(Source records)
____________________

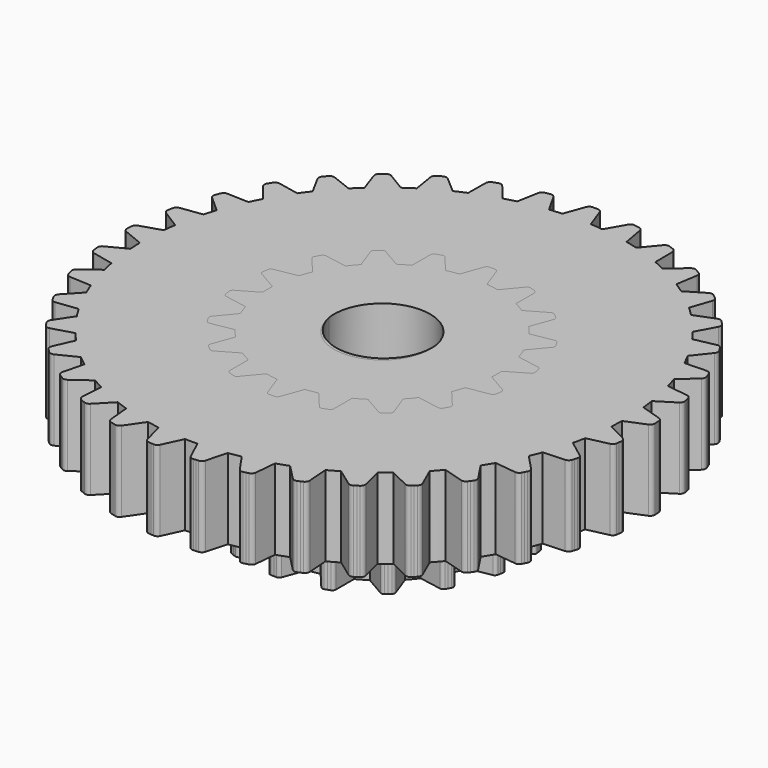
from build123d import *

# Parameters (mm, degrees)
F0_R      = 4.175
F1_DEPTH  = 7
F3_R      = 4.175
F4_DEPTH  = 7
F2_R      = 4.175
F5_DEPTH  = 7
F6_W      = 6
F6_H      = 6
F7_DEPTH  = 3.3
F8_R      = 1.65
F8_R_2    = 0.5
F9_DEPTH  = 0.2
F10_R     = 1.65
F11_DEPTH = 0.7


with BuildPart() as f1:
    # F0 (on Top) → F1 (new body)
    with BuildSketch(Plane.XY):
        with BuildLine():
            ThreePointArc((9.9853543406, -0.5410163509), (9.9963379146, -0.2706072741), (10, 0))
            ThreePointArc((10, 0), (9.9963379146, 0.2706072741), (9.9853543406, 0.5410163509))
            ThreePointArc((9.9853543406, 0.5410163509), (9.8480775301, 1.7364817767), (9.5682022797, 2.9068032501))
            ThreePointArc((9.5682022797, 2.9068032501), (9.3969262079, 3.4202014333), (9.1981253, 3.9235813954))
            ThreePointArc((9.1981253, 3.9235813954), (8.6602540378, 5), (7.9969838122, 6.0040194793))
            ThreePointArc((7.9969838122, 6.0040194793), (7.6604444312, 6.4278760969), (7.3014665983, 6.8329046177))
            ThreePointArc((7.3014665983, 6.8329046177), (6.4278760969, 7.6604444312), (5.461211074, 8.3770623494))
            ThreePointArc((5.461211074, 8.3770623494), (5, 8.6602540378), (4.5241432666, 8.9180787002))
            ThreePointArc((4.5241432666, 8.9180787002), (3.4202014333, 9.3969262079), (2.2667356814, 9.7397078678))
            ThreePointArc((2.2667356814, 9.7397078678), (1.7364817767, 9.8480775301), (1.2011414878, 9.9276008746))
            ThreePointArc((1.2011414878, 9.9276008746), (0.601660724, 9.9818838088), (0, 10))
            ThreePointArc((0, 10), (-0.601660724, 9.9818838088), (-1.2011414878, 9.9276008746))
            ThreePointArc((-1.2011414878, 9.9276008746), (-1.7364817767, 9.8480775301), (-2.2667356814, 9.7397078678))
            ThreePointArc((-2.2667356814, 9.7397078678), (-3.4202014333, 9.3969262079), (-4.5241432666, 8.9180787002))
            ThreePointArc((-4.5241432666, 8.9180787002), (-5, 8.6602540378), (-5.461211074, 8.3770623494))
            ThreePointArc((-5.461211074, 8.3770623494), (-6.4278760969, 7.6604444312), (-7.3014665983, 6.8329046177))
            ThreePointArc((-7.3014665983, 6.8329046177), (-7.6604444312, 6.4278760969), (-7.9969838122, 6.0040194793))
            ThreePointArc((-7.9969838122, 6.0040194793), (-8.6602540378, 5), (-9.1981253, 3.9235813954))
            ThreePointArc((-9.1981253, 3.9235813954), (-9.3969262079, 3.4202014333), (-9.5682022797, 2.9068032501))
            ThreePointArc((-9.5682022797, 2.9068032501), (-9.8480775301, 1.7364817767), (-9.9853543406, 0.5410163509))
            ThreePointArc((-9.9853543406, 0.5410163509), (-10, 0), (-9.9853543406, -0.5410163509))
            ThreePointArc((-9.9853543406, -0.5410163509), (-9.8480775301, -1.7364817767), (-9.5682022797, -2.9068032501))
            ThreePointArc((-9.5682022797, -2.9068032501), (-9.3969262079, -3.4202014333), (-9.1981253, -3.9235813954))
            ThreePointArc((-9.1981253, -3.9235813954), (-8.6602540378, -5), (-7.9969838122, -6.0040194793))
            ThreePointArc((-7.9969838122, -6.0040194793), (-7.6604444312, -6.4278760969), (-7.3014665983, -6.8329046177))
            ThreePointArc((-7.3014665983, -6.8329046177), (-6.4278760969, -7.6604444312), (-5.461211074, -8.3770623494))
            ThreePointArc((-5.461211074, -8.3770623494), (-5, -8.6602540378), (-4.5241432666, -8.9180787002))
            ThreePointArc((-4.5241432666, -8.9180787002), (-3.4202014333, -9.3969262079), (-2.2667356814, -9.7397078678))
            ThreePointArc((-2.2667356814, -9.7397078678), (-1.7364817767, -9.8480775301), (-1.2011414878, -9.9276008746))
            ThreePointArc((-1.2011414878, -9.9276008746), (0, -10), (1.2011414878, -9.9276008746))
            ThreePointArc((1.2011414878, -9.9276008746), (1.7364817767, -9.8480775301), (2.2667356814, -9.7397078678))
            ThreePointArc((2.2667356814, -9.7397078678), (3.4202014333, -9.3969262079), (4.5241432666, -8.9180787002))
            ThreePointArc((4.5241432666, -8.9180787002), (5, -8.6602540378), (5.461211074, -8.3770623494))
            ThreePointArc((5.461211074, -8.3770623494), (6.4278760969, -7.6604444312), (7.3014665983, -6.8329046177))
            ThreePointArc((7.3014665983, -6.8329046177), (7.6604444312, -6.4278760969), (7.9969838122, -6.0040194793))
            ThreePointArc((7.9969838122, -6.0040194793), (8.6602540378, -5), (9.1981253, -3.9235813954))
            ThreePointArc((9.1981253, -3.9235813954), (9.3969262079, -3.4202014333), (9.5682022797, -2.9068032501))
            ThreePointArc((9.5682022797, -2.9068032501), (9.8480775301, -1.7364817767), (9.9853543406, -0.5410163509))
        make_face()
        Circle(F0_R, mode=Mode.SUBTRACT)
        with BuildLine():
            ThreePointArc((9.5682022797, 2.9068032501), (9.8480775301, 1.7364817767), (9.9853543406, 0.5410163509))
            Line((9.9853543406, 0.5410163509), (11.7091989464, 1.5362784981))
            ThreePointArc((11.7091989464, 1.5362784981), (11.8298906667, 1.6667571102), (11.8555661055, 1.8426318708))
            Line((11.8555661055, 1.8426318708), (11.8176930361, 2.083778132))
            Line((11.8176930361, 2.083778132), (11.7708052012, 2.3233348468))
            ThreePointArc((11.7708052012, 2.3233348468), (11.68652547, 2.4798215442), (11.5284860374, 2.5611523338))
            Line((11.5284860374, 2.5611523338), (9.5682022797, 2.9068032501))
        make_face()
        with BuildLine():
            Line((11.7091989464, -1.5362784981), (9.9853543406, -0.5410163509))
            ThreePointArc((9.9853543406, -0.5410163509), (9.8480775301, -1.7364817767), (9.5682022797, -2.9068032501))
            Line((9.5682022797, -2.9068032501), (11.5284860374, -2.5611523338))
            ThreePointArc((11.5284860374, -2.5611523338), (11.68652547, -2.4798215442), (11.7708052012, -2.3233348468))
            Line((11.7708052012, -2.3233348468), (11.8176930361, -2.083778132))
            Line((11.8176930361, -2.083778132), (11.8555661055, -1.8426318708))
            ThreePointArc((11.8555661055, -1.8426318708), (11.8298906667, -1.6667571102), (11.7091989464, -1.5362784981))
        make_face()
        with BuildLine():
            ThreePointArc((7.9969838122, 6.0040194793), (8.6602540378, 5), (9.1981253, 3.9235813954))
            Line((9.1981253, 3.9235813954), (10.4776096532, 5.44841147))
            ThreePointArc((10.4776096532, 5.44841147), (10.5463964585, 5.6123002585), (10.5103707681, 5.7863499905))
            Line((10.5103707681, 5.7863499905), (10.3923048454, 6))
            Line((10.3923048454, 6), (10.266311471, 6.2090730931))
            ThreePointArc((10.266311471, 6.2090730931), (10.1335928268, 6.3272971222), (9.9572675699, 6.3496703956))
            Line((9.9572675699, 6.3496703956), (7.9969838122, 6.0040194793))
        make_face()
        with BuildLine():
            Line((10.4776096532, -5.44841147), (9.1981253, -3.9235813954))
            ThreePointArc((9.1981253, -3.9235813954), (8.6602540378, -5), (7.9969838122, -6.0040194793))
            Line((7.9969838122, -6.0040194793), (9.9572675699, -6.3496703956))
            ThreePointArc((9.9572675699, -6.3496703956), (10.1335928268, -6.3272971222), (10.266311471, -6.2090730931))
            Line((10.266311471, -6.2090730931), (10.3923048454, -6))
            Line((10.3923048454, -6), (10.5103707681, -5.7863499905))
            ThreePointArc((10.5103707681, -5.7863499905), (10.5463964585, -5.6123002585), (10.4776096532, -5.44841147))
        make_face()
        with BuildLine():
            ThreePointArc((5.461211074, 8.3770623494), (6.4278760969, 7.6604444312), (7.3014665983, 6.8329046177))
            Line((7.3014665983, 6.8329046177), (7.9822660027, 8.7033856086))
            ThreePointArc((7.9822660027, 8.7033856086), (7.9908511891, 8.8809171668), (7.8974695994, 9.0321489038))
            Line((7.8974695994, 9.0321489038), (7.7134513162, 9.1925333174))
            Line((7.7134513162, 9.1925333174), (7.5235490627, 9.3459054882))
            ThreePointArc((7.5235490627, 9.3459054882), (7.3583993328, 9.4116072863), (7.1850556798, 9.3723244965))
            Line((7.1850556798, 9.3723244965), (5.461211074, 8.3770623494))
        make_face()
        with BuildLine():
            Line((7.9822660027, -8.7033856086), (7.3014665983, -6.8329046177))
            ThreePointArc((7.3014665983, -6.8329046177), (6.4278760969, -7.6604444312), (5.461211074, -8.3770623494))
            Line((5.461211074, -8.3770623494), (7.1850556798, -9.3723244965))
            ThreePointArc((7.1850556798, -9.3723244965), (7.3583993328, -9.4116072863), (7.5235490627, -9.3459054882))
            Line((7.5235490627, -9.3459054882), (7.7134513162, -9.1925333174))
            Line((7.7134513162, -9.1925333174), (7.8974695994, -9.0321489038))
            ThreePointArc((7.8974695994, -9.0321489038), (7.9908511891, -8.8809171668), (7.9822660027, -8.7033856086))
        make_face()
        with BuildLine():
            ThreePointArc((2.2667356814, 9.7397078678), (3.4202014333, 9.3969262079), (4.5241432666, 8.9180787002))
            Line((4.5241432666, 8.9180787002), (4.5241432666, 10.9086029946))
            ThreePointArc((4.5241432666, 10.9086029946), (4.471491334, 11.0783643965), (4.3320170428, 11.1885373591))
            Line((4.3320170428, 11.1885373591), (4.1042417199, 11.2763114494))
            Line((4.1042417199, 11.2763114494), (3.8733356018, 11.3554837506))
            ThreePointArc((3.8733356018, 11.3554837506), (3.6956742808, 11.3607387111), (3.5462200347, 11.2645379424))
            Line((3.5462200347, 11.2645379424), (2.2667356814, 9.7397078678))
        make_face()
        with BuildLine():
            Line((4.5241432666, -10.9086029946), (4.5241432666, -8.9180787002))
            ThreePointArc((4.5241432666, -8.9180787002), (3.4202014333, -9.3969262079), (2.2667356814, -9.7397078678))
            Line((2.2667356814, -9.7397078678), (3.5462200347, -11.2645379424))
            ThreePointArc((3.5462200347, -11.2645379424), (3.6956742808, -11.3607387111), (3.8733356018, -11.3554837506))
            Line((3.8733356018, -11.3554837506), (4.1042417199, -11.2763114494))
            Line((4.1042417199, -11.2763114494), (4.3320170428, -11.1885373591))
            ThreePointArc((4.3320170428, -11.1885373591), (4.471491334, -11.0783643965), (4.5241432666, -10.9086029946))
        make_face()
        with BuildLine():
            ThreePointArc((0, 10), (0.601660724, 9.9818838088), (1.2011414878, 9.9276008746))
            Line((1.2011414878, 9.9276008746), (0.5203420833, 11.7980818656))
            ThreePointArc((0.5203420833, 11.7980818656), (0.4128036317, 11.9395973807), (0.2440592971, 11.9954230836))
            Line((0.2440592971, 11.9954230836), (0, 12))
            Line((0, 12), (0, 10))
        make_face()
        with BuildLine():
            Line((0.5203420833, -11.7980818656), (1.2011414878, -9.9276008746))
            ThreePointArc((1.2011414878, -9.9276008746), (0, -10), (-1.2011414878, -9.9276008746))
            Line((-1.2011414878, -9.9276008746), (-0.5203420833, -11.7980818656))
            ThreePointArc((-0.5203420833, -11.7980818656), (-0.4128036317, -11.9395973807), (-0.2440592971, -11.9954230836))
            Line((-0.2440592971, -11.9954230836), (0, -12))
            Line((0, -12), (0.2440592971, -11.9954230836))
            ThreePointArc((0.2440592971, -11.9954230836), (0.4128036317, -11.9395973807), (0.5203420833, -11.7980818656))
        make_face()
        with BuildLine():
            ThreePointArc((-1.2011414878, 9.9276008746), (-0.601660724, 9.9818838088), (0, 10))
            Line((0, 10), (0, 12))
            Line((0, 12), (-0.2440592971, 11.9954230836))
            ThreePointArc((-0.2440592971, 11.9954230836), (-0.4128036317, 11.9395973807), (-0.5203420833, 11.7980818656))
            Line((-0.5203420833, 11.7980818656), (-1.2011414878, 9.9276008746))
        make_face()
        with BuildLine():
            Line((-3.5462200347, -11.2645379424), (-2.2667356814, -9.7397078678))
            ThreePointArc((-2.2667356814, -9.7397078678), (-3.4202014333, -9.3969262079), (-4.5241432666, -8.9180787002))
            Line((-4.5241432666, -8.9180787002), (-4.5241432666, -10.9086029946))
            ThreePointArc((-4.5241432666, -10.9086029946), (-4.471491334, -11.0783643965), (-4.3320170428, -11.1885373591))
            Line((-4.3320170428, -11.1885373591), (-4.1042417199, -11.2763114494))
            Line((-4.1042417199, -11.2763114494), (-3.8733356018, -11.3554837506))
            ThreePointArc((-3.8733356018, -11.3554837506), (-3.6956742808, -11.3607387111), (-3.5462200347, -11.2645379424))
        make_face()
        with BuildLine():
            ThreePointArc((-4.5241432666, 8.9180787002), (-3.4202014333, 9.3969262079), (-2.2667356814, 9.7397078678))
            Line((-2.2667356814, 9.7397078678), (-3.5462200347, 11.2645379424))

____________________

## WORK INSTRUCTIONS
In the answer, give only the lines from the top of the data above through the line with "-0.2706072741), (10, 0))", reproduced exactly; no picture may appear.

## RESULT FOR THIS TASK
from build123d import *

# Parameters (mm, degrees)
F0_R      = 4.175
F1_DEPTH  = 7
F3_R      = 4.175
F4_DEPTH  = 7
F2_R      = 4.175
F5_DEPTH  = 7
F6_W      = 6
F6_H      = 6
F7_DEPTH  = 3.3
F8_R      = 1.65
F8_R_2    = 0.5
F9_DEPTH  = 0.2
F10_R     = 1.65
F11_DEPTH = 0.7


with BuildPart() as f1:
    # F0 (on Top) → F1 (new body)
    with BuildSketch(Plane.XY):
        with BuildLine():
            ThreePointArc((9.9853543406, -0.5410163509), (9.9963379146, -0.2706072741), (10, 0))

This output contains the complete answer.